К этому разглядыванию вместе Варвара Васильевна начала готовиться задолго до приезда сына. И сегодня мыла посуду - и готовилась. Даже зажаривая утку - готовилась. А в конце полузавтрака-полуобеда она с осторожной решимостью приступила к извлечению наружу сокрытого:
- Вероятно, чем-то мы тебя обидели. Иначе почему ты вдруг решил голодать, отвергая всякую нашу...
И тут - ведь надо же! - именно в этот момент, ни раньше и ни позже, начинает звонить телефон на стене у двери в спальню-кабинет.
- Нас нет дома, - вырывается у Варвары Васильевны. - Мы не подойдем.
Телефон звонит.
- Ну имели мы право куда-нибудь уйти? - оправдывается она, виновато глядя на трубку.
Трубка подрагивает, требуя отклика, даже чуть подпрыгивает, возмущаясь.
Саня наблюдает за развитием хорошо знакомой ему ситуации скошенным на маму веселым глазом.
- В конце концов, имеем мы право хоть раз поговорить спокойно? взывает она к совести того, кто так настойчиво ждет на другом конце провода. - Мы можем хоть раз, в день приезда Коржина, посидеть своей семьей, без нашествия? ..
Телефон звонит. Мама смотрит на неумолимый аппарат гипнотическим взглядом. Саня смотрит на маму, удивленный такой небывалой выдержкой, и пытается определить, кто кого гипнотизирует, она - телефон или телефон ее.
Выясняется, что гипноз железного аппарата сильнее гипнотической силы человека. Еще звоночек... другой - и мама говорит:
- Нет, это чересчур. Это что-то серьезно необходимое.
И она сдается. Она встает.
- Слушаю вас... Здравствуйте, Матильда Петровна.
Из трубки до Сани долетают длинные пулеметные очереди напористых звуков. Мама слушает, страдальчески морщась, не имея возможности вежливо вставить слово. Но вот прорывается:
- Хорошо, хорошо, передам Алексею Платоновичу, когда приедет.
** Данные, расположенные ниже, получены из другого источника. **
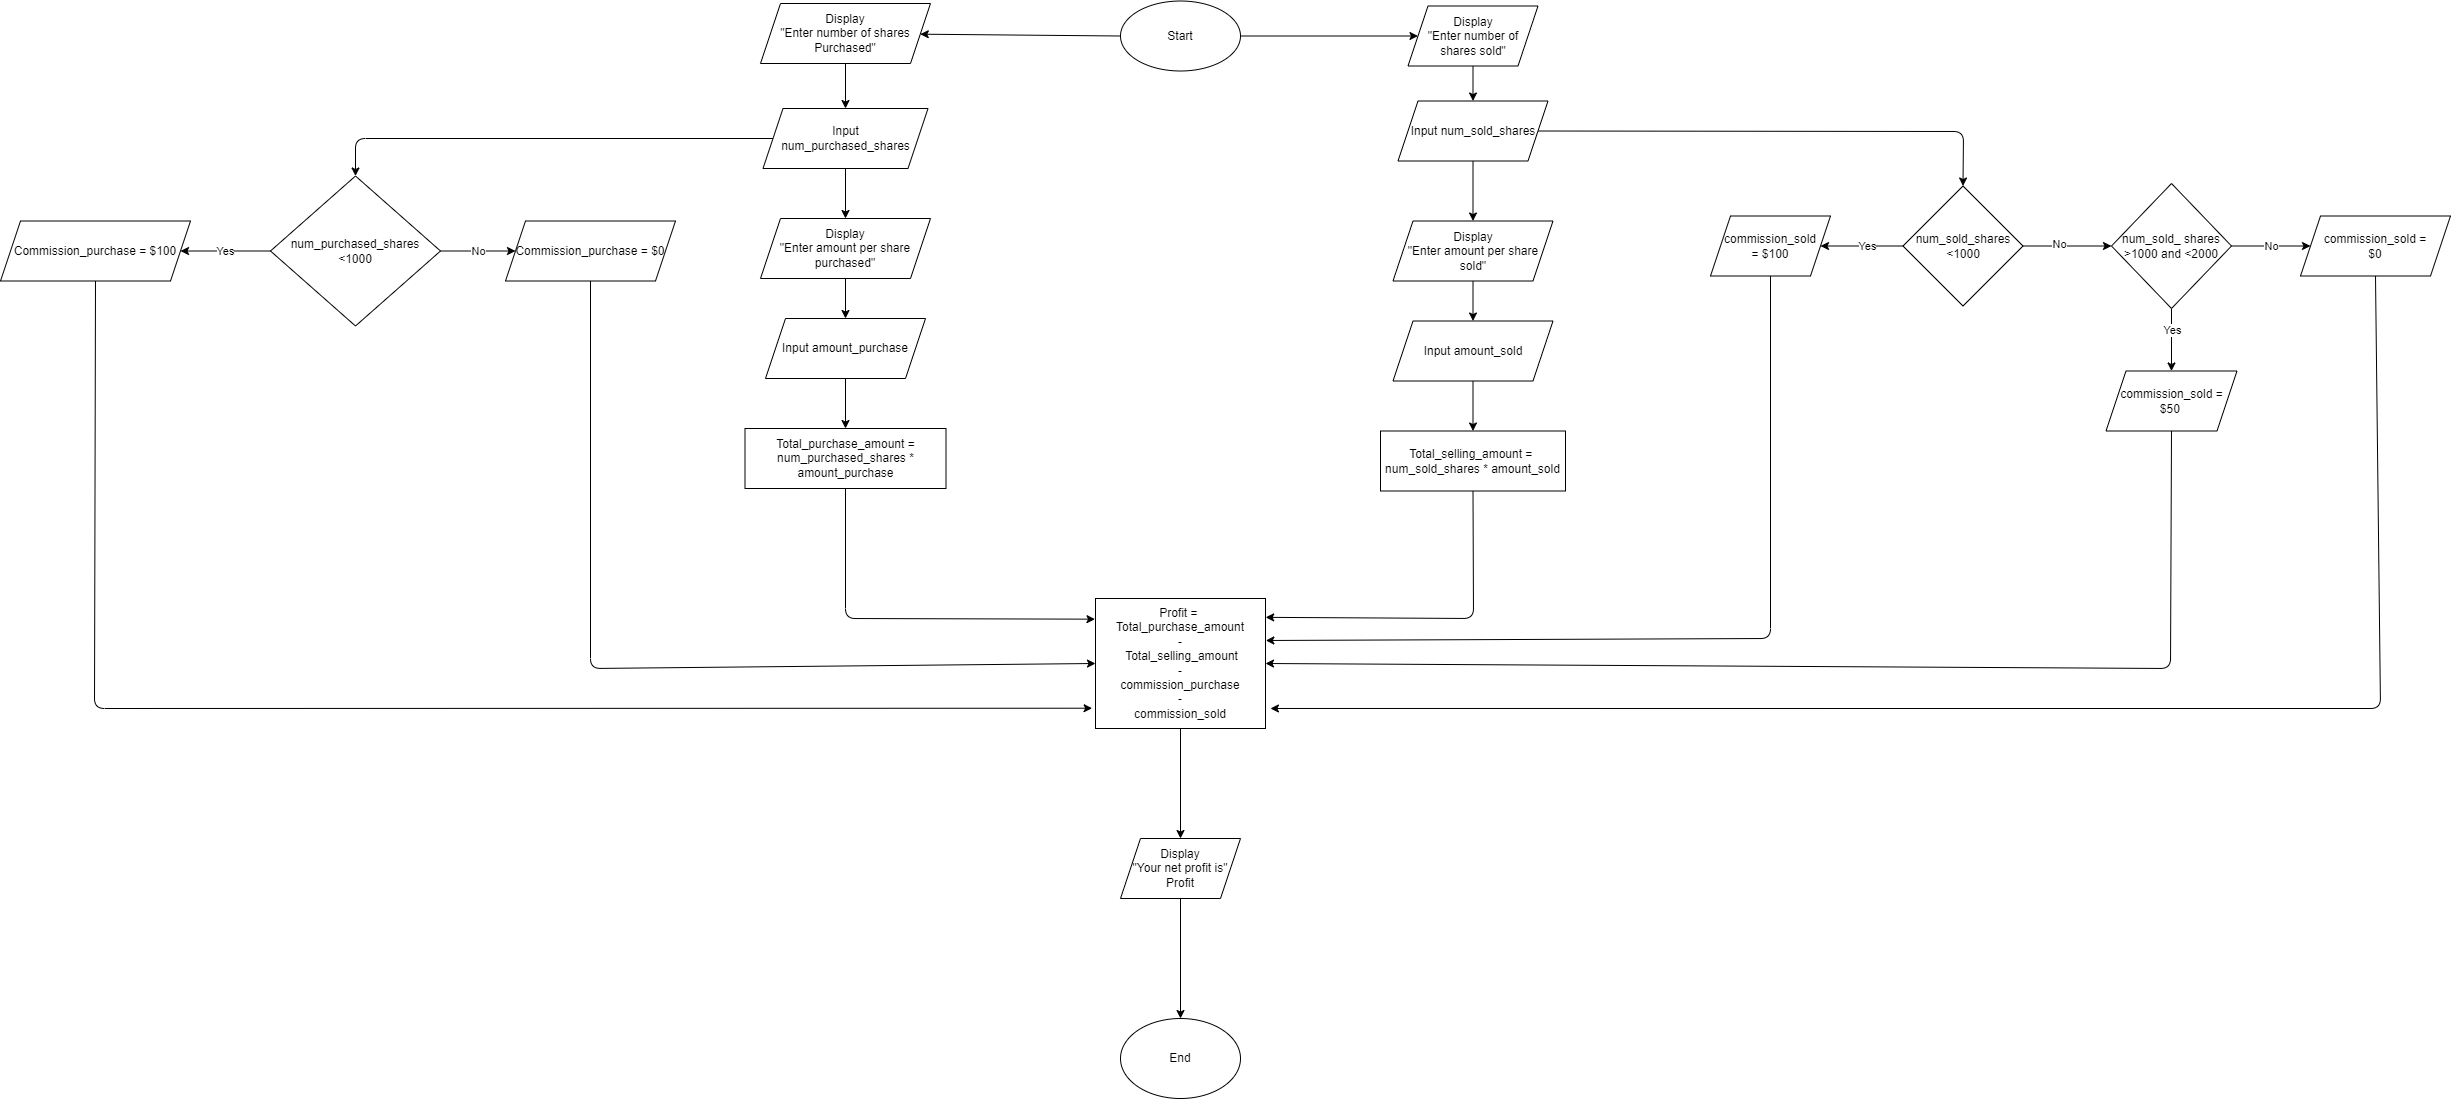

The diagram above was exported from draw.io. Its source (the exported page's mxGraphModel, read from the mxfile embedded in the PNG):
<mxGraphModel dx="1538" dy="571" grid="1" gridSize="10" guides="1" tooltips="1" connect="1" arrows="1" fold="1" page="1" pageScale="1" pageWidth="850" pageHeight="1100" background="#ffffff" math="0" shadow="0">
  <root>
    <mxCell id="0" />
    <mxCell id="1" parent="0" />
    <mxCell id="2" value="End" style="ellipse;whiteSpace=wrap;html=1;" parent="1" vertex="1">
      <mxGeometry x="380" y="1030" width="120" height="80" as="geometry" />
    </mxCell>
    <mxCell id="10" style="edgeStyle=none;html=1;exitX=0;exitY=0.5;exitDx=0;exitDy=0;" parent="1" source="3" target="8" edge="1">
      <mxGeometry relative="1" as="geometry" />
    </mxCell>
    <mxCell id="12" style="edgeStyle=none;html=1;exitX=1;exitY=0.5;exitDx=0;exitDy=0;entryX=0;entryY=0.5;entryDx=0;entryDy=0;" parent="1" source="3" target="9" edge="1">
      <mxGeometry relative="1" as="geometry" />
    </mxCell>
    <mxCell id="3" value="Start" style="ellipse;whiteSpace=wrap;html=1;" parent="1" vertex="1">
      <mxGeometry x="380" y="12.5" width="120" height="70" as="geometry" />
    </mxCell>
    <mxCell id="16" style="edgeStyle=none;html=1;exitX=0.5;exitY=1;exitDx=0;exitDy=0;entryX=0.5;entryY=0;entryDx=0;entryDy=0;" parent="1" source="8" target="15" edge="1">
      <mxGeometry relative="1" as="geometry" />
    </mxCell>
    <mxCell id="8" value="Display&lt;br&gt;&quot;Enter number of shares Purchased&quot;" style="shape=parallelogram;perimeter=parallelogramPerimeter;whiteSpace=wrap;html=1;fixedSize=1;" parent="1" vertex="1">
      <mxGeometry x="20" y="15" width="170" height="60" as="geometry" />
    </mxCell>
    <mxCell id="18" style="edgeStyle=none;html=1;exitX=0.5;exitY=1;exitDx=0;exitDy=0;entryX=0.5;entryY=0;entryDx=0;entryDy=0;" parent="1" source="9" target="17" edge="1">
      <mxGeometry relative="1" as="geometry" />
    </mxCell>
    <mxCell id="9" value="Display&lt;br&gt;&quot;Enter number of shares sold&quot;" style="shape=parallelogram;perimeter=parallelogramPerimeter;whiteSpace=wrap;html=1;fixedSize=1;" parent="1" vertex="1">
      <mxGeometry x="667.5" y="17.5" width="130" height="60" as="geometry" />
    </mxCell>
    <mxCell id="21" style="edgeStyle=none;html=1;exitX=0.5;exitY=1;exitDx=0;exitDy=0;entryX=0.5;entryY=0;entryDx=0;entryDy=0;" parent="1" source="15" target="20" edge="1">
      <mxGeometry relative="1" as="geometry" />
    </mxCell>
    <mxCell id="59" style="edgeStyle=none;html=1;exitX=0;exitY=0.5;exitDx=0;exitDy=0;entryX=0.5;entryY=0;entryDx=0;entryDy=0;" parent="1" source="15" target="35" edge="1">
      <mxGeometry relative="1" as="geometry">
        <mxPoint x="-530" y="149.66666666666674" as="targetPoint" />
        <Array as="points">
          <mxPoint x="-385" y="150" />
        </Array>
      </mxGeometry>
    </mxCell>
    <mxCell id="15" value="Input&lt;br&gt;num_purchased_shares" style="shape=parallelogram;perimeter=parallelogramPerimeter;whiteSpace=wrap;html=1;fixedSize=1;" parent="1" vertex="1">
      <mxGeometry x="22.5" y="120" width="165" height="60" as="geometry" />
    </mxCell>
    <mxCell id="23" style="edgeStyle=none;html=1;exitX=0.5;exitY=1;exitDx=0;exitDy=0;entryX=0.5;entryY=0;entryDx=0;entryDy=0;" parent="1" source="17" target="22" edge="1">
      <mxGeometry relative="1" as="geometry" />
    </mxCell>
    <mxCell id="72" style="edgeStyle=none;html=1;exitX=1;exitY=0.5;exitDx=0;exitDy=0;entryX=0.5;entryY=0;entryDx=0;entryDy=0;" parent="1" source="17" target="42" edge="1">
      <mxGeometry relative="1" as="geometry">
        <mxPoint x="1410" y="130" as="targetPoint" />
        <Array as="points">
          <mxPoint x="1223" y="143" />
        </Array>
      </mxGeometry>
    </mxCell>
    <mxCell id="17" value="Input num_sold_shares" style="shape=parallelogram;perimeter=parallelogramPerimeter;whiteSpace=wrap;html=1;fixedSize=1;" parent="1" vertex="1">
      <mxGeometry x="657.5" y="112.5" width="150" height="60" as="geometry" />
    </mxCell>
    <mxCell id="25" style="edgeStyle=none;html=1;exitX=0.5;exitY=1;exitDx=0;exitDy=0;" parent="1" source="20" target="24" edge="1">
      <mxGeometry relative="1" as="geometry" />
    </mxCell>
    <mxCell id="20" value="Display&lt;br&gt;&quot;Enter amount per share purchased&quot;" style="shape=parallelogram;perimeter=parallelogramPerimeter;whiteSpace=wrap;html=1;fixedSize=1;" parent="1" vertex="1">
      <mxGeometry x="20" y="230" width="170" height="60" as="geometry" />
    </mxCell>
    <mxCell id="27" style="edgeStyle=none;html=1;exitX=0.5;exitY=1;exitDx=0;exitDy=0;" parent="1" source="22" target="26" edge="1">
      <mxGeometry relative="1" as="geometry" />
    </mxCell>
    <mxCell id="22" value="Display&lt;br&gt;&quot;Enter amount per share sold&quot;" style="shape=parallelogram;perimeter=parallelogramPerimeter;whiteSpace=wrap;html=1;fixedSize=1;" parent="1" vertex="1">
      <mxGeometry x="652.5" y="232.5" width="160" height="60" as="geometry" />
    </mxCell>
    <mxCell id="29" style="edgeStyle=none;html=1;exitX=0.5;exitY=1;exitDx=0;exitDy=0;entryX=0.5;entryY=0;entryDx=0;entryDy=0;" parent="1" source="24" target="28" edge="1">
      <mxGeometry relative="1" as="geometry" />
    </mxCell>
    <mxCell id="24" value="Input amount_purchase" style="shape=parallelogram;perimeter=parallelogramPerimeter;whiteSpace=wrap;html=1;fixedSize=1;" parent="1" vertex="1">
      <mxGeometry x="25" y="330" width="160" height="60" as="geometry" />
    </mxCell>
    <mxCell id="31" style="edgeStyle=none;html=1;exitX=0.5;exitY=1;exitDx=0;exitDy=0;entryX=0.5;entryY=0;entryDx=0;entryDy=0;" parent="1" source="26" target="30" edge="1">
      <mxGeometry relative="1" as="geometry" />
    </mxCell>
    <mxCell id="26" value="Input amount_sold" style="shape=parallelogram;perimeter=parallelogramPerimeter;whiteSpace=wrap;html=1;fixedSize=1;" parent="1" vertex="1">
      <mxGeometry x="652.5" y="332.5" width="160" height="60" as="geometry" />
    </mxCell>
    <mxCell id="62" style="edgeStyle=none;html=1;exitX=0.5;exitY=1;exitDx=0;exitDy=0;entryX=-0.003;entryY=0.159;entryDx=0;entryDy=0;entryPerimeter=0;" parent="1" source="28" target="58" edge="1">
      <mxGeometry relative="1" as="geometry">
        <mxPoint x="350" y="630" as="targetPoint" />
        <Array as="points">
          <mxPoint x="105" y="630" />
        </Array>
      </mxGeometry>
    </mxCell>
    <mxCell id="28" value="Total_purchase_amount =&lt;br&gt;num_purchased_shares * amount_purchase" style="rounded=0;whiteSpace=wrap;html=1;" parent="1" vertex="1">
      <mxGeometry x="4.5" y="440" width="201" height="60" as="geometry" />
    </mxCell>
    <mxCell id="65" style="edgeStyle=none;html=1;exitX=0.5;exitY=1;exitDx=0;exitDy=0;entryX=1.001;entryY=0.145;entryDx=0;entryDy=0;entryPerimeter=0;" parent="1" source="30" target="58" edge="1">
      <mxGeometry relative="1" as="geometry">
        <mxPoint x="732.6666666666665" y="750.0000000000002" as="targetPoint" />
        <Array as="points">
          <mxPoint x="733" y="630" />
        </Array>
      </mxGeometry>
    </mxCell>
    <mxCell id="30" value="Total_selling_amount =&amp;nbsp;&lt;br&gt;num_sold_shares * amount_sold" style="rounded=0;whiteSpace=wrap;html=1;" parent="1" vertex="1">
      <mxGeometry x="640" y="442.5" width="185" height="60" as="geometry" />
    </mxCell>
    <mxCell id="38" value="Yes" style="edgeStyle=none;html=1;exitX=0;exitY=0.5;exitDx=0;exitDy=0;entryX=1;entryY=0.5;entryDx=0;entryDy=0;" parent="1" source="35" target="37" edge="1">
      <mxGeometry relative="1" as="geometry" />
    </mxCell>
    <mxCell id="41" value="No" style="edgeStyle=none;html=1;exitX=1;exitY=0.5;exitDx=0;exitDy=0;entryX=0;entryY=0.5;entryDx=0;entryDy=0;" parent="1" source="35" target="40" edge="1">
      <mxGeometry relative="1" as="geometry" />
    </mxCell>
    <mxCell id="35" value="num_purchased_shares&lt;br&gt;&amp;lt;1000" style="rhombus;whiteSpace=wrap;html=1;" parent="1" vertex="1">
      <mxGeometry x="-470" y="187.5" width="170" height="150" as="geometry" />
    </mxCell>
    <mxCell id="67" style="edgeStyle=none;html=1;exitX=0.5;exitY=1;exitDx=0;exitDy=0;entryX=-0.02;entryY=0.844;entryDx=0;entryDy=0;entryPerimeter=0;" parent="1" source="37" target="58" edge="1">
      <mxGeometry relative="1" as="geometry">
        <mxPoint x="240" y="720" as="targetPoint" />
        <Array as="points">
          <mxPoint x="-646" y="720" />
        </Array>
      </mxGeometry>
    </mxCell>
    <mxCell id="37" value="Commission_purchase = $100" style="shape=parallelogram;perimeter=parallelogramPerimeter;whiteSpace=wrap;html=1;fixedSize=1;" parent="1" vertex="1">
      <mxGeometry x="-740" y="232.5" width="190" height="60" as="geometry" />
    </mxCell>
    <mxCell id="66" style="edgeStyle=none;html=1;exitX=0.5;exitY=1;exitDx=0;exitDy=0;entryX=0;entryY=0.5;entryDx=0;entryDy=0;" parent="1" source="40" target="58" edge="1">
      <mxGeometry relative="1" as="geometry">
        <mxPoint x="-150.1111111111113" y="820" as="targetPoint" />
        <Array as="points">
          <mxPoint x="-150" y="680" />
        </Array>
      </mxGeometry>
    </mxCell>
    <mxCell id="40" value="Commission_purchase = $0" style="shape=parallelogram;perimeter=parallelogramPerimeter;whiteSpace=wrap;html=1;fixedSize=1;" parent="1" vertex="1">
      <mxGeometry x="-235" y="232.5" width="170" height="60" as="geometry" />
    </mxCell>
    <mxCell id="46" style="edgeStyle=none;html=1;exitX=0;exitY=0.5;exitDx=0;exitDy=0;entryX=1;entryY=0.5;entryDx=0;entryDy=0;" parent="1" source="42" target="44" edge="1">
      <mxGeometry relative="1" as="geometry" />
    </mxCell>
    <mxCell id="47" value="Yes" style="edgeLabel;html=1;align=center;verticalAlign=middle;resizable=0;points=[];" parent="46" vertex="1" connectable="0">
      <mxGeometry x="-0.1362" relative="1" as="geometry">
        <mxPoint as="offset" />
      </mxGeometry>
    </mxCell>
    <mxCell id="49" style="edgeStyle=none;html=1;exitX=1;exitY=0.5;exitDx=0;exitDy=0;entryX=0;entryY=0.5;entryDx=0;entryDy=0;" parent="1" source="42" target="48" edge="1">
      <mxGeometry relative="1" as="geometry" />
    </mxCell>
    <mxCell id="50" value="No" style="edgeLabel;html=1;align=center;verticalAlign=middle;resizable=0;points=[];" parent="49" vertex="1" connectable="0">
      <mxGeometry x="-0.1782" y="2" relative="1" as="geometry">
        <mxPoint as="offset" />
      </mxGeometry>
    </mxCell>
    <mxCell id="42" value="num_sold_shares&lt;br&gt;&amp;lt;1000" style="rhombus;whiteSpace=wrap;html=1;" parent="1" vertex="1">
      <mxGeometry x="1162.5" y="197.5" width="120" height="120" as="geometry" />
    </mxCell>
    <mxCell id="69" style="edgeStyle=none;html=1;exitX=0.5;exitY=1;exitDx=0;exitDy=0;entryX=1.002;entryY=0.323;entryDx=0;entryDy=0;entryPerimeter=0;" parent="1" source="44" target="58" edge="1">
      <mxGeometry relative="1" as="geometry">
        <mxPoint x="1029.8888888888887" y="760" as="targetPoint" />
        <Array as="points">
          <mxPoint x="1030" y="650" />
        </Array>
      </mxGeometry>
    </mxCell>
    <mxCell id="44" value="commission_sold&lt;br&gt;= $100" style="shape=parallelogram;perimeter=parallelogramPerimeter;whiteSpace=wrap;html=1;fixedSize=1;" parent="1" vertex="1">
      <mxGeometry x="970" y="227.5" width="120" height="60" as="geometry" />
    </mxCell>
    <mxCell id="54" style="edgeStyle=none;html=1;exitX=0.5;exitY=1;exitDx=0;exitDy=0;entryX=0.5;entryY=0;entryDx=0;entryDy=0;" parent="1" source="48" target="52" edge="1">
      <mxGeometry relative="1" as="geometry" />
    </mxCell>
    <mxCell id="55" value="Yes" style="edgeLabel;html=1;align=center;verticalAlign=middle;resizable=0;points=[];" parent="54" vertex="1" connectable="0">
      <mxGeometry x="-0.3155" relative="1" as="geometry">
        <mxPoint as="offset" />
      </mxGeometry>
    </mxCell>
    <mxCell id="57" value="No" style="edgeStyle=none;html=1;exitX=1;exitY=0.5;exitDx=0;exitDy=0;" parent="1" source="48" target="56" edge="1">
      <mxGeometry relative="1" as="geometry" />
    </mxCell>
    <mxCell id="48" value="num_sold_ shares &amp;gt;1000 and &amp;lt;2000" style="rhombus;whiteSpace=wrap;html=1;" parent="1" vertex="1">
      <mxGeometry x="1371" y="195" width="120" height="125" as="geometry" />
    </mxCell>
    <mxCell id="70" style="edgeStyle=none;html=1;exitX=0.5;exitY=1;exitDx=0;exitDy=0;entryX=1;entryY=0.5;entryDx=0;entryDy=0;" parent="1" source="52" target="58" edge="1">
      <mxGeometry relative="1" as="geometry">
        <mxPoint x="1425.4444444444443" y="760" as="targetPoint" />
        <Array as="points">
          <mxPoint x="1430" y="680" />
        </Array>
      </mxGeometry>
    </mxCell>
    <mxCell id="52" value="commission_sold =&lt;br&gt;$50&amp;nbsp;" style="shape=parallelogram;perimeter=parallelogramPerimeter;whiteSpace=wrap;html=1;fixedSize=1;" parent="1" vertex="1">
      <mxGeometry x="1365.5" y="382.5" width="131" height="60" as="geometry" />
    </mxCell>
    <mxCell id="71" style="edgeStyle=none;html=1;exitX=0.5;exitY=1;exitDx=0;exitDy=0;entryX=1.029;entryY=0.846;entryDx=0;entryDy=0;entryPerimeter=0;" parent="1" source="56" target="58" edge="1">
      <mxGeometry relative="1" as="geometry">
        <mxPoint x="620" y="720" as="targetPoint" />
        <Array as="points">
          <mxPoint x="1640" y="720" />
        </Array>
      </mxGeometry>
    </mxCell>
    <mxCell id="56" value="commission_sold =&lt;br&gt;$0" style="shape=parallelogram;perimeter=parallelogramPerimeter;whiteSpace=wrap;html=1;fixedSize=1;" parent="1" vertex="1">
      <mxGeometry x="1560" y="227.5" width="150" height="60" as="geometry" />
    </mxCell>
    <mxCell id="74" style="edgeStyle=none;html=1;exitX=0.5;exitY=1;exitDx=0;exitDy=0;" parent="1" source="58" target="73" edge="1">
      <mxGeometry relative="1" as="geometry" />
    </mxCell>
    <mxCell id="58" value="Profit =&amp;nbsp;&lt;br&gt;Total_purchase_amount &lt;br&gt;-&lt;br&gt;&amp;nbsp;Total_selling_amount &lt;br&gt;- &lt;br&gt;commission_purchase&lt;br&gt;-&lt;br&gt;commission_sold" style="rounded=0;whiteSpace=wrap;html=1;" parent="1" vertex="1">
      <mxGeometry x="355" y="610" width="170" height="130" as="geometry" />
    </mxCell>
    <mxCell id="75" style="edgeStyle=none;html=1;exitX=0.5;exitY=1;exitDx=0;exitDy=0;entryX=0.5;entryY=0;entryDx=0;entryDy=0;" parent="1" source="73" target="2" edge="1">
      <mxGeometry relative="1" as="geometry" />
    </mxCell>
    <mxCell id="73" value="Display&lt;br&gt;&quot;Your net profit is&quot;&lt;br&gt;Profit" style="shape=parallelogram;perimeter=parallelogramPerimeter;whiteSpace=wrap;html=1;fixedSize=1;" parent="1" vertex="1">
      <mxGeometry x="380" y="850" width="120" height="60" as="geometry" />
    </mxCell>
  </root>
</mxGraphModel>

И вдруг с видом заговорщицы переспрашивает специально для Сани:
- У вас сведения, что приедет завтра? - и снова долго слушает с заметно нарастающей неприязнью. Но наконец-то желает всего наилучшего, вешает трубку и со вздохом садится за стол.
- Скажи, ну зачем так явно лгать? Почему жены врачей, когда им надо показать папе кого-то из родственников, начинают объясняться в любви мне, так интересоваться моей драгоценной особой?
- Потому что, с их точки зрения, папа у тебя на поводочке, - отвечает Саня, и оба смеются, представляя себе Алексея Платоновича Коржина на поводочке.
- Верность они понимают только как состояние полной подчиненности, начинает рассуждать Саня, предпочитая не возвращаться к прерванному телефонным звонком разговору.
- Нет, сынок, из-за этой Матильды Петровны ты мне не ответил. Только, пожалуйста, не переводи в шутку, откровенно скажи: чем мы тебя обидели?
- Вы? - удивляется Саня.
- Хочешь сказать... То есть имеешь в виду не "вы", а "ты" - так я и думала. Это из-за меня. По той же причине.
- По какой, если не секрет?
- Тебе всегда казалось, что я несправедлива, что Аню я больше... что к ней я...
- Не надо, мама.
- Нет, надо. - Она мужественно преодолевает сразу ставший глухим, отгороженным от нее голос сына. - Я сама могу напомнить, когда... в каких случаях тебе так могло показаться. Например, в поезде.